Harrymatic (author) says: Nov 14, 2012. 12:55 PM
The software uses the FreqCounter library, which counts the number of 0V-5V cycles which occur per unit of time (this unit is specified in the code). It is not very accurate for counting frequencies lower than several hundred Hz, as there are fewer cycles per unit time, so the accuracy decreases with frequency. As most of the number crunching for this project is done by the FreqCounter library, you don't really see what is going on just be looking at the Arduino sketch.

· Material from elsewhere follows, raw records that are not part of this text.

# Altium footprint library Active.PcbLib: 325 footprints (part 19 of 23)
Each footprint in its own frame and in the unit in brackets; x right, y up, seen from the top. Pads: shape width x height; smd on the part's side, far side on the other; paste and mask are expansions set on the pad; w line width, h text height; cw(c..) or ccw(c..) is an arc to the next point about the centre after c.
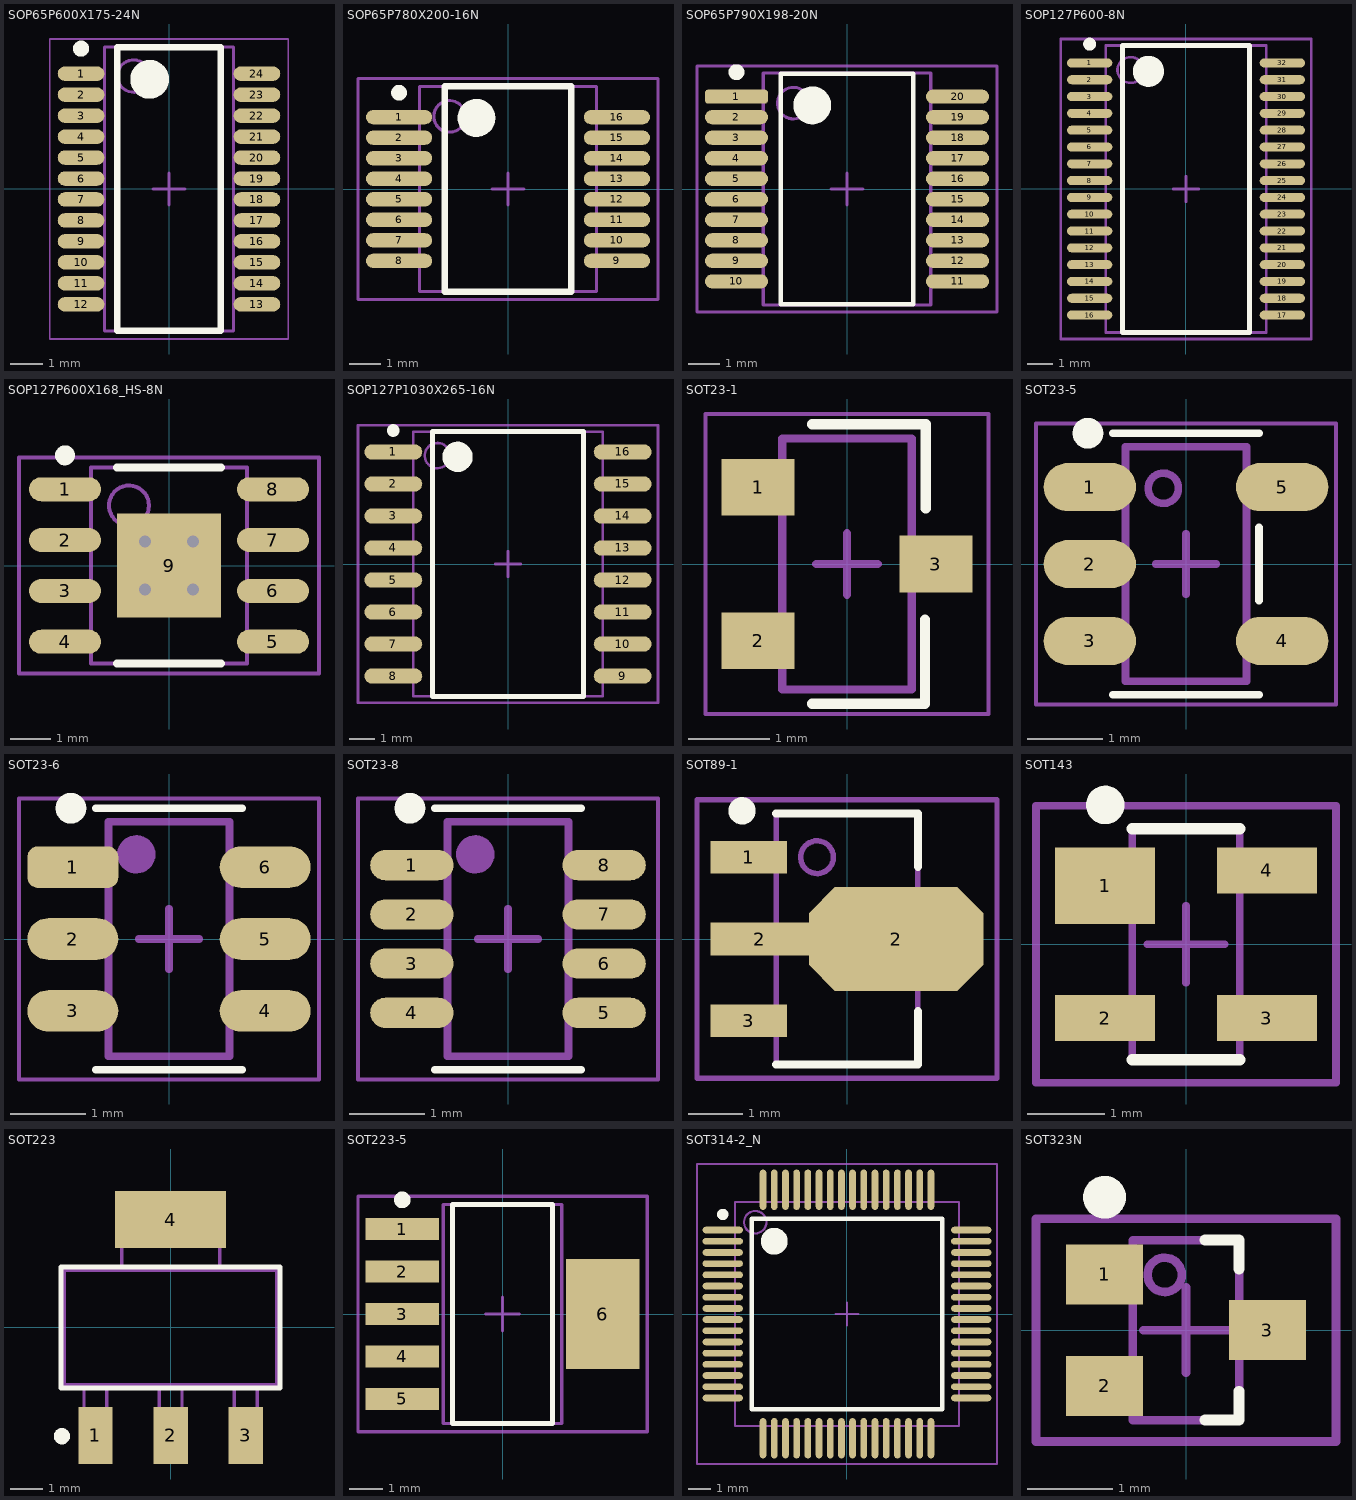
[diagram p18: the footprints below, top view; thin cyan lines are the x and y axes]

## SOP65P600X175-24N [mm] "SOP, 24-Leads, Body 8.65x3.90mm, Pitch 0.65mm, IPC Medium Density"
height 1.75
pads (24):
  oval 1.45x0.45 smd mask+0.05: 1(-2.725,3.575) 2(-2.725,2.925) 3(-2.725,2.275) 4(-2.725,1.625) 5(-2.725,0.975) 6(-2.725,0.325) 7(-2.725,-0.325) 8(-2.725,-0.975) 9(-2.725,-1.625) 10(-2.725,-2.275) 11(-2.725,-2.925) 12(-2.725,-3.575) 13(2.725,-3.575) 14(2.725,-2.925) 15(2.725,-2.275) 16(2.725,-1.625) 17(2.725,-0.975) 18(2.725,-0.325) 19(2.725,0.325) 20(2.725,0.975) 21(2.725,1.625) 22(2.725,2.275) 23(2.725,2.925) 24(2.725,3.575)
Top Overlay:
  circle w0.25: c-2.725,4.35 r0.125
  circle w0.6: c-0.6,3.4 r0.3
  lines w0.2: -1.6,-4.4 -1.6,4.4 1.6,4.4 1.6,-4.4 -1.6,-4.4
Mechanical 13:
  circle w0.1: c-1.1,3.5 r0.5
  lines w0.1: -2,-4.4 -2,4.4 2,4.4 2,-4.4 -2,-4.4
Mechanical 15:
  lines w0.05: -3.7,-4.65 -3.7,4.65 3.7,4.65 3.7,-4.65 -3.7,-4.65
  lines w0.1: -0.5,0 0.5,0 ; 0,-0.5 0,0.5
3D body: height 1.75, standoff 0.1, extent -2,-4.4 2,4.4
3D body: height 1.76, standoff 1.75, extent -1.599,3 -0.6,4

## SOP65P780X200-16N [mm] "SOP, 16-Leads, Body 6,5x5,6mm (max), Pitch 0,65mm, IPC Medium Density"
height 2
pads (16):
  oval 2.1x0.45 smd mask+0.051: 1(-3.45,2.275) 2(-3.45,1.625) 3(-3.45,0.975) 4(-3.45,0.325) 5(-3.45,-0.325) 6(-3.45,-0.975) 7(-3.45,-1.625) 8(-3.45,-2.275) 9(3.45,-2.275) 10(3.45,-1.625) 11(3.45,-0.975) 12(3.45,-0.325) 13(3.45,0.325) 14(3.45,0.975) 15(3.45,1.625) 16(3.45,2.275)
Top Overlay:
  circle w0.6: c-1,2.25 r0.3
  circle w0.25: c-3.45,3.05 r0.125
  lines w0.2: -2,-3.25 2,-3.25 2,3.25 -2,3.25 -2,-3.25
Mechanical 13:
  circle w0.1: c-1.85,2.3 r0.5
  lines w0.1: -2.8,-3.25 2.8,-3.25 2.8,3.25 -2.8,3.25 -2.8,-3.25
Mechanical 15:
  lines w0.1: -0.5,0 0.5,0 ; 0,-0.5 0,0.5 ; -4.75,-3.5 4.75,-3.5 4.75,3.5 -4.75,3.5 -4.75,-3.5
3D body: height 2, standoff 0.05, extent -2.8,-3.25 2.8,3.25

## SOP65P790X198-20N [mm] "SOP, 20-Leads, Body 7,3x5,3mm (max), Pitch 0,65mm, IPC Medium Density"
height 1.98
pads (20):
  rrect50% 2x0.45 smd mask+0.051: 1(-3.5,2.925)
  oval 2x0.45 smd mask+0.051: 2(-3.5,2.275) 3(-3.5,1.625) 4(-3.5,0.975) 5(-3.5,0.325) 6(-3.5,-0.325) 7(-3.5,-0.975) 8(-3.5,-1.625) 9(-3.5,-2.275) 10(-3.5,-2.925) 11(3.5,-2.925) 12(3.5,-2.275) 13(3.5,-1.625) 14(3.5,-0.975) 15(3.5,-0.325) 16(3.5,0.325) 17(3.5,0.975) 18(3.5,1.625) 19(3.5,2.275) 20(3.5,2.925)
Top Overlay:
  circle w0.6: c-1.1,2.65 r0.3
  circle w0.25: c-3.5,3.7 r0.125
  lines w0.15: -2.1,-3.65 2.1,-3.65 2.1,3.65 -2.1,3.65 -2.1,-3.65
Mechanical 13:
  circle w0.1: c-1.7,2.72 r0.5
  lines w0.1: -2.65,-3.67 2.65,-3.67 2.65,3.67 -2.65,3.67 -2.65,-3.67
Mechanical 15:
  lines w0.1: -0.5,0 0.5,0 ; 0,-0.5 0,0.5 ; -4.75,-3.9 4.75,-3.9 4.75,3.9 -4.75,3.9 -4.75,-3.9
3D body: height 1.98, standoff 0.15, extent -2.65,-3.67 2.65,3.67

## SOP127P600-8N [mm]
height 1.2
pads (32):
  oval 1.75x0.35 smd mask+0.051: 1(-3.725,4.875) 2(-3.725,4.225) 3(-3.725,3.575) 4(-3.725,2.925) 5(-3.725,2.275) 6(-3.725,1.625) 7(-3.725,0.975) 8(-3.725,0.325) 9(-3.725,-0.325) 10(-3.725,-0.975) 11(-3.725,-1.625) 12(-3.725,-2.275) 13(-3.725,-2.925) 14(-3.725,-3.575) 15(-3.725,-4.225) 16(-3.725,-4.875) 17(3.725,-4.875) 18(3.725,-4.225) 19(3.725,-3.575) 20(3.725,-2.925) 21(3.725,-2.275) 22(3.725,-1.625) 23(3.725,-0.975) 24(3.725,-0.325) 25(3.725,0.325) 26(3.725,0.975) 27(3.725,1.625) 28(3.725,2.275) 29(3.725,2.925) 30(3.725,3.575) 31(3.725,4.225) 32(3.725,4.875)
Top Overlay:
  circle w0.6: c-1.45,4.55 r0.3
  circle w0.25: c-3.725,5.6 r0.125
  lines w0.2: -2.45,-5.55 2.45,-5.55 2.45,5.55 -2.45,5.55 -2.45,-5.55
Mechanical 13:
  circle w0.1: c-2.15,4.6 r0.5
  lines w0.1: -3.1,-5.55 3.1,-5.55 3.1,5.55 -3.1,5.55 -3.1,-5.55
Mechanical 15:
  lines w0.1: -0.5,0 0.5,0 ; 0,-0.5 0,0.5 ; -4.85,-5.8 4.85,-5.8 4.85,5.8 -4.85,5.8 -4.85,-5.8
3D body: height 1.2, standoff 0.1, extent -3.1,-5.55 3.1,5.55

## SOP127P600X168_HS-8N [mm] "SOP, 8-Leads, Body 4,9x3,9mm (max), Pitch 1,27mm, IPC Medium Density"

Although you would expect it only to work with 0V-5V square/pulse waves as it is counting frequency at one of the digital pins, I have found that it will quite capably measure sine and triangle waves as well, provided they have a high enough amplitude.
amandaghassaei says: Nov 14, 2012. 1:34 PM
ok, you should check out what I did here:
http://www.instructables.com/id/Arduino-Frequency-Detection/
AtomRat says: Nov 11, 2012. 2:58 PM
exciting looking project and I cannot wait for the generator as well! Do you know if an Atmega32-8PC could work as I have a couple at home here
Harrymatic (author) says: Nov 12, 2012. 9:17 AM
Hmm, I've had a look at the datasheet - it may be possible. Take at look at this guide for how to run the Arduino bootloader on other kinds of Atmel microcontrollers. I'm not sure it will work as I think that the FreqCounter library is hard-coded to run on a 32p-pu, but it's definitely worth a go.
AtomRat says: Nov 12, 2012. 2:45 PM
Thanks for the info, I'm really new to Arduino as I started with PIC, but I should be able to figure it out. I'll tell you here if it works and if I can get the bootloader onto it. Thanks for the link!
ajoyraman says: Nov 11, 2012. 8:49 PM
Great Work !
Adding a 'Period' mode would make this counter more useful while measuring frequencies of 100Hz and below. Should be a quick software fix.